[Data extracted from a collection]
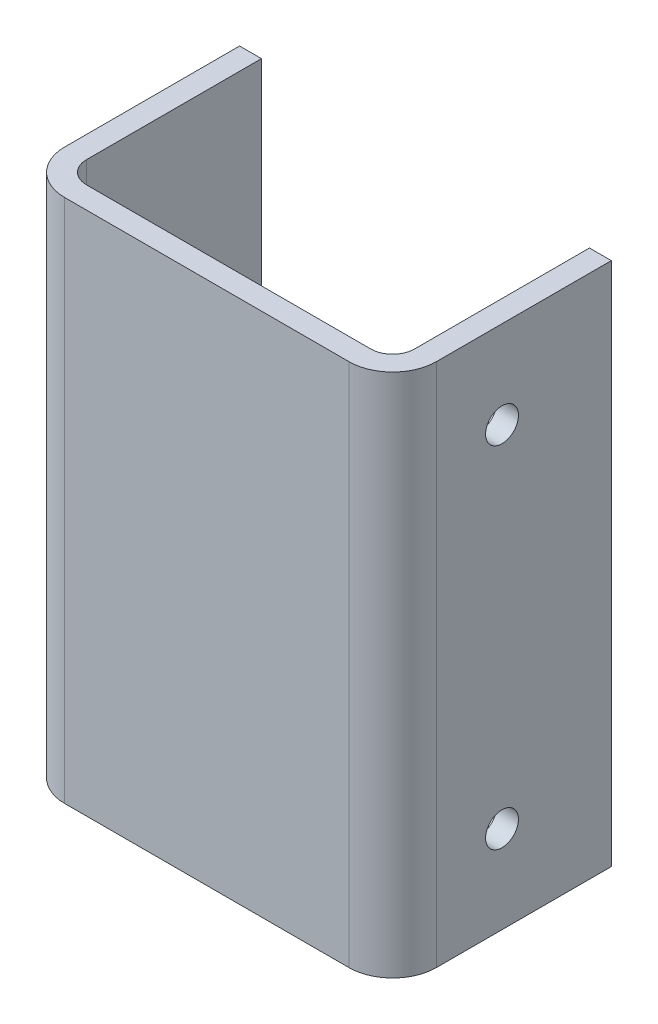
ISO-10303-21;
HEADER;
FILE_DESCRIPTION(('STEP AP214'),'2;1');
FILE_NAME('part.step','',(''),(''),'','','');
FILE_SCHEMA(('AUTOMOTIVE_DESIGN { 1 0 10303 214 1 1 1 1 }'));
ENDSEC;
DATA;
#1=APPLICATION_CONTEXT('core data for automotive mechanical design processes');
#2=APPLICATION_PROTOCOL_DEFINITION('international standard','automotive_design',2000,#1);
#3=PRODUCT_CONTEXT('',#1,'mechanical');
#4=PRODUCT('Part','Part','',(#3));
#5=PRODUCT_RELATED_PRODUCT_CATEGORY('part','',(#4));
#6=PRODUCT_DEFINITION_FORMATION('','',#4);
#7=PRODUCT_DEFINITION_CONTEXT('part definition',#1,'design');
#8=PRODUCT_DEFINITION('design','',#6,#7);
#9=PRODUCT_DEFINITION_SHAPE('','',#8);
#10=(LENGTH_UNIT() NAMED_UNIT(*) SI_UNIT(.MILLI.,.METRE.));
#11=(NAMED_UNIT(*) PLANE_ANGLE_UNIT() SI_UNIT($,.RADIAN.));
#12=(NAMED_UNIT(*) SI_UNIT($,.STERADIAN.) SOLID_ANGLE_UNIT());
#13=UNCERTAINTY_MEASURE_WITH_UNIT(LENGTH_MEASURE(1.E-05),#10,'distance_accuracy_value','');
#14=(GEOMETRIC_REPRESENTATION_CONTEXT(3) GLOBAL_UNCERTAINTY_ASSIGNED_CONTEXT((#13)) GLOBAL_UNIT_ASSIGNED_CONTEXT((#10,
#11,#12)) REPRESENTATION_CONTEXT('',''));
#15=CARTESIAN_POINT('',(0.,0.,0.));
#16=DIRECTION('',(0.,0.,1.));
#17=DIRECTION('',(1.,0.,0.));
#18=AXIS2_PLACEMENT_3D('',#15,#16,#17);
#19=CARTESIAN_POINT('',(0.,63.5,-15.875));
#20=DIRECTION('',(1.,0.,0.));
#21=DIRECTION('',(0.,0.,-1.));
#22=AXIS2_PLACEMENT_3D('',#19,#20,#21);
#23=CYLINDRICAL_SURFACE('',#22,2.3876);
#24=CARTESIAN_POINT('',(-3.175,63.5,-15.875));
#25=DIRECTION('',(1.,0.,0.));
#26=DIRECTION('',(0.,0.,-1.));
#27=AXIS2_PLACEMENT_3D('',#24,#25,#26);
#28=CIRCLE('',#27,2.3876);
#29=CARTESIAN_POINT('',(-3.175,63.5,-18.2626));
#30=VERTEX_POINT('',#29);
#31=EDGE_CURVE('E160',#30,#30,#28,.T.);
#32=ORIENTED_EDGE('',*,*,#31,.F.);
#33=EDGE_LOOP('',(#32));
#34=FACE_BOUND('',#33,.T.);
#35=CARTESIAN_POINT('',(0.,63.5,-15.875));
#36=DIRECTION('',(1.,0.,0.));
#37=DIRECTION('',(0.,0.,-1.));
#38=AXIS2_PLACEMENT_3D('',#35,#36,#37);
#39=CIRCLE('',#38,2.3876);
#40=CARTESIAN_POINT('',(0.,63.5,-18.2626));
#41=VERTEX_POINT('',#40);
#42=EDGE_CURVE('E20',#41,#41,#39,.F.);
#43=ORIENTED_EDGE('',*,*,#42,.F.);
#44=EDGE_LOOP('',(#43));
#45=FACE_BOUND('',#44,.T.);
#46=ADVANCED_FACE('F17',(#34,#45),#23,.F.);
#47=CARTESIAN_POINT('',(0.,12.7,-15.875));
#48=DIRECTION('',(1.,0.,0.));
#49=DIRECTION('',(0.,0.,-1.));
#50=AXIS2_PLACEMENT_3D('',#47,#48,#49);
#51=CYLINDRICAL_SURFACE('',#50,2.3876);
#52=CARTESIAN_POINT('',(-3.175,12.7,-15.875));
#53=DIRECTION('',(1.,0.,0.));
#54=DIRECTION('',(0.,0.,-1.));
#55=AXIS2_PLACEMENT_3D('',#52,#53,#54);
#56=CIRCLE('',#55,2.3876);
#57=CARTESIAN_POINT('',(-3.175,12.7,-18.2626));
#58=VERTEX_POINT('',#57);
#59=EDGE_CURVE('E157',#58,#58,#56,.T.);
#60=ORIENTED_EDGE('',*,*,#59,.F.);
#61=EDGE_LOOP('',(#60));
#62=FACE_BOUND('',#61,.T.);
#63=CARTESIAN_POINT('',(0.,12.7,-15.875));
#64=DIRECTION('',(1.,0.,0.));
#65=DIRECTION('',(0.,0.,-1.));
#66=AXIS2_PLACEMENT_3D('',#63,#64,#65);
#67=CIRCLE('',#66,2.3876);
#68=CARTESIAN_POINT('',(0.,12.7,-18.2626));
#69=VERTEX_POINT('',#68);
#70=EDGE_CURVE('E163',#69,#69,#67,.F.);
#71=ORIENTED_EDGE('',*,*,#70,.F.);
#72=EDGE_LOOP('',(#71));
#73=FACE_BOUND('',#72,.T.);
#74=ADVANCED_FACE('F398',(#62,#73),#51,.F.);
#75=CARTESIAN_POINT('',(-6.35,175.53432,-6.35));
#76=DIRECTION('',(0.,-1.,0.));
#77=DIRECTION('',(0.,0.,-1.));
#78=AXIS2_PLACEMENT_3D('',#75,#76,#77);
#79=CYLINDRICAL_SURFACE('',#78,6.35);
#80=DIRECTION('',(0.,1.,0.));
#81=VECTOR('',#80,1.);
#82=CARTESIAN_POINT('',(-6.35,0.,0.));
#83=LINE('',#82,#81);
#84=CARTESIAN_POINT('',(-6.35,0.,0.));
#85=VERTEX_POINT('',#84);
#86=CARTESIAN_POINT('',(-6.35,76.2,0.));
#87=VERTEX_POINT('',#86);
#88=EDGE_CURVE('E199',#85,#87,#83,.T.);
#89=ORIENTED_EDGE('',*,*,#88,.F.);
#90=CARTESIAN_POINT('',(-6.35,0.,-6.35));
#91=DIRECTION('',(0.,-1.,0.));
#92=DIRECTION('',(0.,0.,-1.));
#93=AXIS2_PLACEMENT_3D('',#90,#91,#92);
#94=CIRCLE('',#93,6.35);
#95=CARTESIAN_POINT('',(0.,0.,-6.35));
#96=VERTEX_POINT('',#95);
#97=EDGE_CURVE('E143',#85,#96,#94,.F.);
#98=ORIENTED_EDGE('',*,*,#97,.T.);
#99=DIRECTION('',(0.,1.,0.));
#100=VECTOR('',#99,1.);
#101=CARTESIAN_POINT('',(0.,0.,-6.35));
#102=LINE('',#101,#100);
#103=CARTESIAN_POINT('',(0.,76.2,-6.35));
#104=VERTEX_POINT('',#103);
#105=EDGE_CURVE('E171',#104,#96,#102,.F.);
#106=ORIENTED_EDGE('',*,*,#105,.F.);
#107=CARTESIAN_POINT('',(-6.35,76.2,-6.35));
#108=DIRECTION('',(0.,-1.,0.));
#109=DIRECTION('',(0.,0.,-1.));
#110=AXIS2_PLACEMENT_3D('',#107,#108,#109);
#111=CIRCLE('',#110,6.35);
#112=EDGE_CURVE('E149',#87,#104,#111,.F.);
#113=ORIENTED_EDGE('',*,*,#112,.F.);
#114=EDGE_LOOP('',(#89,#98,#106,#113));
#115=FACE_BOUND('',#114,.T.);
#116=ADVANCED_FACE('F268',(#115),#79,.T.);
#117=CARTESIAN_POINT('',(0.,0.,0.));
#118=DIRECTION('',(1.,0.,0.));
#119=DIRECTION('',(0.,0.,-1.));
#120=AXIS2_PLACEMENT_3D('',#117,#118,#119);
#121=PLANE('',#120);
#122=ORIENTED_EDGE('',*,*,#70,.T.);
#123=EDGE_LOOP('',(#122));
#124=FACE_BOUND('',#123,.T.);
#125=ORIENTED_EDGE('',*,*,#42,.T.);
#126=EDGE_LOOP('',(#125));
#127=FACE_BOUND('',#126,.T.);
#128=DIRECTION('',(0.,0.,1.));
#129=VECTOR('',#128,1.);
#130=CARTESIAN_POINT('',(0.,76.2,0.));
#131=LINE('',#130,#129);
#132=CARTESIAN_POINT('',(0.,76.2,-31.75));
#133=VERTEX_POINT('',#132);
#134=EDGE_CURVE('E190',#104,#133,#131,.F.);
#135=ORIENTED_EDGE('',*,*,#134,.F.);
#136=ORIENTED_EDGE('',*,*,#105,.T.);
#137=DIRECTION('',(0.,0.,1.));
#138=VECTOR('',#137,1.);
#139=CARTESIAN_POINT('',(0.,0.,0.));
#140=LINE('',#139,#138);
#141=CARTESIAN_POINT('',(0.,0.,-31.75));
#142=VERTEX_POINT('',#141);
#143=EDGE_CURVE('E145',#96,#142,#140,.F.);
#144=ORIENTED_EDGE('',*,*,#143,.T.);
#145=DIRECTION('',(0.,1.,0.));
#146=VECTOR('',#145,1.);
#147=CARTESIAN_POINT('',(0.,0.,-31.75));
#148=LINE('',#147,#146);
#149=EDGE_CURVE('E165',#133,#142,#148,.F.);
#150=ORIENTED_EDGE('',*,*,#149,.F.);
#151=EDGE_LOOP('',(#135,#136,#144,#150));
#152=FACE_BOUND('',#151,.T.);
#153=ADVANCED_FACE('F383',(#124,#127,#152),#121,.T.);
#154=CARTESIAN_POINT('',(0.,0.,-31.75));
#155=DIRECTION('',(0.,0.,-1.));
#156=DIRECTION('',(-1.,0.,0.));
#157=AXIS2_PLACEMENT_3D('',#154,#155,#156);
#158=PLANE('',#157);
#159=ORIENTED_EDGE('',*,*,#149,.T.);
#160=DIRECTION('',(1.,0.,0.));
#161=VECTOR('',#160,1.);
#162=CARTESIAN_POINT('',(0.,0.,-31.75));
#163=LINE('',#162,#161);
#164=CARTESIAN_POINT('',(-3.175,0.,-31.75));
#165=VERTEX_POINT('',#164);
#166=EDGE_CURVE('E224',#142,#165,#163,.F.);
#167=ORIENTED_EDGE('',*,*,#166,.T.);
#168=DIRECTION('',(0.,1.,0.));
#169=VECTOR('',#168,1.);
#170=CARTESIAN_POINT('',(-3.175,0.,-31.75));
#171=LINE('',#170,#169);
#172=CARTESIAN_POINT('',(-3.175,76.2,-31.75));
#173=VERTEX_POINT('',#172);
#174=EDGE_CURVE('E162',#173,#165,#171,.F.);
#175=ORIENTED_EDGE('',*,*,#174,.F.);
#176=DIRECTION('',(1.,0.,0.));
#177=VECTOR('',#176,1.);
#178=CARTESIAN_POINT('',(0.,76.2,-31.75));
#179=LINE('',#178,#177);
#180=EDGE_CURVE('E187',#133,#173,#179,.F.);
#181=ORIENTED_EDGE('',*,*,#180,.F.);
#182=EDGE_LOOP('',(#159,#167,#175,#181));
#183=FACE_BOUND('',#182,.T.);
#184=ADVANCED_FACE('F263',(#183),#158,.T.);
#185=CARTESIAN_POINT('',(-3.175,0.,-31.75));
#186=DIRECTION('',(-1.,0.,0.));
#187=DIRECTION('',(0.,0.,1.));
#188=AXIS2_PLACEMENT_3D('',#185,#186,#187);
#189=PLANE('',#188);
#190=ORIENTED_EDGE('',*,*,#59,.T.);
#191=EDGE_LOOP('',(#190));
#192=FACE_BOUND('',#191,.T.);
#193=ORIENTED_EDGE('',*,*,#31,.T.);
#194=EDGE_LOOP('',(#193));
#195=FACE_BOUND('',#194,.T.);
#196=DIRECTION('',(0.,0.,1.));
#197=VECTOR('',#196,1.);
#198=CARTESIAN_POINT('',(-3.175,0.,0.));
#199=LINE('',#198,#197);
#200=CARTESIAN_POINT('',(-3.175,0.,-6.35));
#201=VERTEX_POINT('',#200);
#202=EDGE_CURVE('E142',#165,#201,#199,.T.);
#203=ORIENTED_EDGE('',*,*,#202,.T.);
#204=DIRECTION('',(0.,1.,0.));
#205=VECTOR('',#204,1.);
#206=CARTESIAN_POINT('',(-3.175,-99.33432,-6.35));
#207=LINE('',#206,#205);
#208=CARTESIAN_POINT('',(-3.175,76.2,-6.35));
#209=VERTEX_POINT('',#208);
#210=EDGE_CURVE('E148',#201,#209,#207,.T.);
#211=ORIENTED_EDGE('',*,*,#210,.T.);
#212=DIRECTION('',(0.,0.,1.));
#213=VECTOR('',#212,1.);
#214=CARTESIAN_POINT('',(-3.175,76.2,0.));
#215=LINE('',#214,#213);
#216=EDGE_CURVE('E189',#173,#209,#215,.T.);
#217=ORIENTED_EDGE('',*,*,#216,.F.);
#218=ORIENTED_EDGE('',*,*,#174,.T.);
#219=EDGE_LOOP('',(#203,#211,#217,#218));
#220=FACE_BOUND('',#219,.T.);
#221=ADVANCED_FACE('F262',(#192,#195,#220),#189,.T.);
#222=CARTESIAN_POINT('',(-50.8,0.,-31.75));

Work order → Take exactly the lines from the one containing "#31=EDGE_CURVE('E160',#30,#30,#28,.T.);" through the one containing "#39=CIRCLE('',#38,2.3876);" in the data above, and output them with nothing added.

Task solution →
#31=EDGE_CURVE('E160',#30,#30,#28,.T.);
#32=ORIENTED_EDGE('',*,*,#31,.F.);
#33=EDGE_LOOP('',(#32));
#34=FACE_BOUND('',#33,.T.);
#35=CARTESIAN_POINT('',(0.,63.5,-15.875));
#36=DIRECTION('',(1.,0.,0.));
#37=DIRECTION('',(0.,0.,-1.));
#38=AXIS2_PLACEMENT_3D('',#35,#36,#37);
#39=CIRCLE('',#38,2.3876);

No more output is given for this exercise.